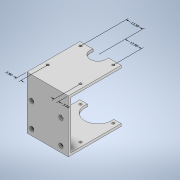
# Autodesk Inventor part: サーボモータ固定用
Saved by Autodesk Inventor 2022 (Build 260153000, 153)
## iProperties
Created: 2022-11-22
Part Number: サーボモータ固定用
Material: 一般
Document SubType Name: Modeling
Designer: tdn82
Density: 1 g/cm^3
Appearance: 既定
Author: tdn82
Autodesk Inventor part; units mm, degrees
ref_plane "YZ Plane" through (0, 0, 0) normal (1, 0, 0) x (0, 1, 0)
ref_plane "XZ Plane" through (0, 0, 0) normal (0, 1, 0) x (-1, 0, 0)
ref_plane "XY Plane" through (0, 0, 0) normal (0, 0, 1) x (1, 0, 0)
sketch "スケッチ1" plane through (0, 0, 0) normal (0, 1, 0) x (-1, 0, 0)
  line L0 (0, 0) -> (-34, 0)
  line L1 (-34, 0) -> (-34, -43.5)
  line L2 (-34, -43.5) -> (0, -43.5)
  line L3 (0, -43.5) -> (0, 0)
  dimension "d0" = 43.5
  dimension "d1" = 34
  constraints: 8 end point, 2 parallel, 1 horizontal, 1 perpendicular
  measures "d0" distance of L2.end L0.start
  measures "d1" distance of L0.start L0.end
extrude "押し出し1" add sketch "スケッチ1" along normal blind 43.5
sketch "スケッチ2" plane through (34, 0, 0) normal (1, 0, 0) x (0, 0, -1)
  line L0 (2, 41.5) -> (52, 41.5)
  line L1 (52, 41.5) -> (52, 2)
  line L2 (52, 2) -> (2, 2)
  line L3 (2, 2) -> (2, 41.5)
  line L4 (0, 43.5) -> (43.5, 43.5) projected
  line L5 (0, 0) -> (0, 43.5) projected
  dimension "d4" = 2
  dimension "d5" = 2
  dimension "d6" = 39.5
  dimension "d7" = 50
  constraints: 8 end point, 2 parallel, 1 horizontal, 1 perpendicular
  measures "d4" distance between parallel lines of L0 L4
  measures "d5" distance between parallel lines of L5 L3
  measures "d6" distance of L2.end L0.start
  measures "d7" distance of L0.start L0.end
extrude "押し出し2" cut sketch "スケッチ2" against normal blind 43.5
sketch "スケッチ3" plane through (0, 0, 0) normal (0, -1, 0) x (1, 0, 0)
  circle A0 centre (17, -41.5) radius 11
  line L0 (34, -43.5) -> (0, -43.5) projected
  line L1 (0, -43.5) -> (0, 0) projected
  point P0 (6.1833, -43.5)
  point P1 (27.8167, -43.5)
  dimension "d10" = 22
  dimension "d11" = 2
  dimension "d12" = 17
  constraints: 1 centre point
  measures "d10" diameter of A0
  measures "d11" distance from line of A0.centre L0
  measures "d12" distance from line of L1 A0.centre
extrude "押し出し3" cut sketch "スケッチ3" against normal blind 2 contours A0 L0 picked at (20.7405, -37.2254)
sketch "スケッチ4" plane through (0, 43.5, 0) normal (0, 1, 0) x (1, 0, 0)
  circle A0 centre (17, 41.5) radius 6.5
  line L0 (34, 43.5) -> (0, 43.5) projected
  line L1 (0, 43.5) -> (0, 0) projected
  point P0 (23.1847, 43.5)
  point P1 (10.8153, 43.5)
  point P2 (0, 35.0774)
  dimension "d15" = 13
  dimension "d16" = 2
  dimension "d17" = 17
  constraints: 1 centre point
  measures "d15" diameter of A0
  measures "d16" distance from line of L0 A0.centre
  measures "d17" distance from line of A0.centre L1
extrude "押し出し4" cut sketch "スケッチ4" against normal blind 2
sketch "スケッチ5" plane through (0, 43.5, 0) normal (0, 1, 0) x (1, 0, 0)
  line L0 (0, 0) -> (34, 0) projected
  line L1 (0, 43.5) -> (0, 0) projected
  line L2 (34, 0) -> (34, 43.5) projected
  point P0 (3.5, 13.5)
  point P1 (3.5, 40.5)
  point P2 (30.5, 40.5)
  point P3 (30.5, 13.5)
  dimension "d20" = 13.5
  dimension "d21" = 3.5
  dimension "d22" = 27
  dimension "d23" = 3.5
  dimension "d48" = 3.5
  measures "d20" distance from line of L0 point (3.5, 13.5)
  measures "d21" distance from line of point (3.5, 13.5) L1
  measures "d22" distance of point (3.5, 40.5) point (3.5, 13.5)
  measures "d23" distance from line of L2 point (30.5, 40.5)
  measures "d48" distance from line of point (30.5, 13.5) L2
hole "穴1" at (3.5, 43.5, -13.5) at (3.5, 43.5, -40.5) at (30.5, 43.5, -40.5) at (30.5, 43.5, -13.5) direction (0, -1, 0) diameter 2 end through all
sketch "スケッチ6" plane through (0, 0, 0) normal (0, 0, 1) x (1, 0, 0)
  line L0 (0, 0) -> (34, 0) projected
  line L1 (0, 0) -> (0, 43.5) projected
  point P0 (4, 5)
  point P1 (4, 25)
  point P2 (28, 5)
  point P3 (28, 25)
  dimension "d31" = 5
  dimension "d32" = 4
  dimension "d35" = 20
  dimension "d38" = 24
  constraints: 1 horizontal, 1 vertical, 3 other
  measures "d31" distance from line of L0 point (4, 5)
  measures "d32" distance from line of point (4, 5) L1
  measures "d35" distance of point (4, 5) point (4, 25)
  measures "d38" distance of point (4, 5) point (28, 5)
hole "穴2" at (4, 5, 0) at (4, 25, 0) at (28, 5, 0) at (28, 25, 0) direction (0, 0, -1) diameter 3.5 end through all
-------------------------
Hand back the data exactly as it appears, with all pictures cut.

§ Reply
# Autodesk Inventor part: サーボモータ固定用
Saved by Autodesk Inventor 2022 (Build 260153000, 153)
## iProperties
Created: 2022-11-22
Part Number: サーボモータ固定用
Material: 一般
Document SubType Name: Modeling
Designer: tdn82
Density: 1 g/cm^3
Appearance: 既定
Author: tdn82
Autodesk Inventor part; units mm, degrees
ref_plane "YZ Plane" through (0, 0, 0) normal (1, 0, 0) x (0, 1, 0)
ref_plane "XZ Plane" through (0, 0, 0) normal (0, 1, 0) x (-1, 0, 0)
ref_plane "XY Plane" through (0, 0, 0) normal (0, 0, 1) x (1, 0, 0)
sketch "スケッチ1" plane through (0, 0, 0) normal (0, 1, 0) x (-1, 0, 0)
  line L0 (0, 0) -> (-34, 0)
  line L1 (-34, 0) -> (-34, -43.5)
  line L2 (-34, -43.5) -> (0, -43.5)
  line L3 (0, -43.5) -> (0, 0)
  dimension "d0" = 43.5
  dimension "d1" = 34
  constraints: 8 end point, 2 parallel, 1 horizontal, 1 perpendicular
  measures "d0" distance of L2.end L0.start
  measures "d1" distance of L0.start L0.end
extrude "押し出し1" add sketch "スケッチ1" along normal blind 43.5
sketch "スケッチ2" plane through (34, 0, 0) normal (1, 0, 0) x (0, 0, -1)
  line L0 (2, 41.5) -> (52, 41.5)
  line L1 (52, 41.5) -> (52, 2)
  line L2 (52, 2) -> (2, 2)
  line L3 (2, 2) -> (2, 41.5)
  line L4 (0, 43.5) -> (43.5, 43.5) projected
  line L5 (0, 0) -> (0, 43.5) projected
  dimension "d4" = 2
  dimension "d5" = 2
  dimension "d6" = 39.5
  dimension "d7" = 50
  constraints: 8 end point, 2 parallel, 1 horizontal, 1 perpendicular
  measures "d4" distance between parallel lines of L0 L4
  measures "d5" distance between parallel lines of L5 L3
  measures "d6" distance of L2.end L0.start
  measures "d7" distance of L0.start L0.end
extrude "押し出し2" cut sketch "スケッチ2" against normal blind 43.5
sketch "スケッチ3" plane through (0, 0, 0) normal (0, -1, 0) x (1, 0, 0)
  circle A0 centre (17, -41.5) radius 11
  line L0 (34, -43.5) -> (0, -43.5) projected
  line L1 (0, -43.5) -> (0, 0) projected
  point P0 (6.1833, -43.5)
  point P1 (27.8167, -43.5)
  dimension "d10" = 22
  dimension "d11" = 2
  dimension "d12" = 17
  constraints: 1 centre point
  measures "d10" diameter of A0
  measures "d11" distance from line of A0.centre L0
  measures "d12" distance from line of L1 A0.centre
extrude "押し出し3" cut sketch "スケッチ3" against normal blind 2 contours A0 L0 picked at (20.7405, -37.2254)
sketch "スケッチ4" plane through (0, 43.5, 0) normal (0, 1, 0) x (1, 0, 0)
  circle A0 centre (17, 41.5) radius 6.5
  line L0 (34, 43.5) -> (0, 43.5) projected
  line L1 (0, 43.5) -> (0, 0) projected
  point P0 (23.1847, 43.5)
  point P1 (10.8153, 43.5)
  point P2 (0, 35.0774)
  dimension "d15" = 13
  dimension "d16" = 2
  dimension "d17" = 17
  constraints: 1 centre point
  measures "d15" diameter of A0
  measures "d16" distance from line of L0 A0.centre
  measures "d17" distance from line of A0.centre L1
extrude "押し出し4" cut sketch "スケッチ4" against normal blind 2
sketch "スケッチ5" plane through (0, 43.5, 0) normal (0, 1, 0) x (1, 0, 0)
  line L0 (0, 0) -> (34, 0) projected
  line L1 (0, 43.5) -> (0, 0) projected
  line L2 (34, 0) -> (34, 43.5) projected
  point P0 (3.5, 13.5)
  point P1 (3.5, 40.5)
  point P2 (30.5, 40.5)
  point P3 (30.5, 13.5)
  dimension "d20" = 13.5
  dimension "d21" = 3.5
  dimension "d22" = 27
  dimension "d23" = 3.5
  dimension "d48" = 3.5
  measures "d20" distance from line of L0 point (3.5, 13.5)
  measures "d21" distance from line of point (3.5, 13.5) L1
  measures "d22" distance of point (3.5, 40.5) point (3.5, 13.5)
  measures "d23" distance from line of L2 point (30.5, 40.5)
  measures "d48" distance from line of point (30.5, 13.5) L2
hole "穴1" at (3.5, 43.5, -13.5) at (3.5, 43.5, -40.5) at (30.5, 43.5, -40.5) at (30.5, 43.5, -13.5) direction (0, -1, 0) diameter 2 end through all
sketch "スケッチ6" plane through (0, 0, 0) normal (0, 0, 1) x (1, 0, 0)
  line L0 (0, 0) -> (34, 0) projected
  line L1 (0, 0) -> (0, 43.5) projected
  point P0 (4, 5)
  point P1 (4, 25)
  point P2 (28, 5)
  point P3 (28, 25)
  dimension "d31" = 5
  dimension "d32" = 4
  dimension "d35" = 20
  dimension "d38" = 24
  constraints: 1 horizontal, 1 vertical, 3 other
  measures "d31" distance from line of L0 point (4, 5)
  measures "d32" distance from line of point (4, 5) L1
  measures "d35" distance of point (4, 5) point (4, 25)
  measures "d38" distance of point (4, 5) point (28, 5)
hole "穴2" at (4, 5, 0) at (4, 25, 0) at (28, 5, 0) at (28, 25, 0) direction (0, 0, -1) diameter 3.5 end through all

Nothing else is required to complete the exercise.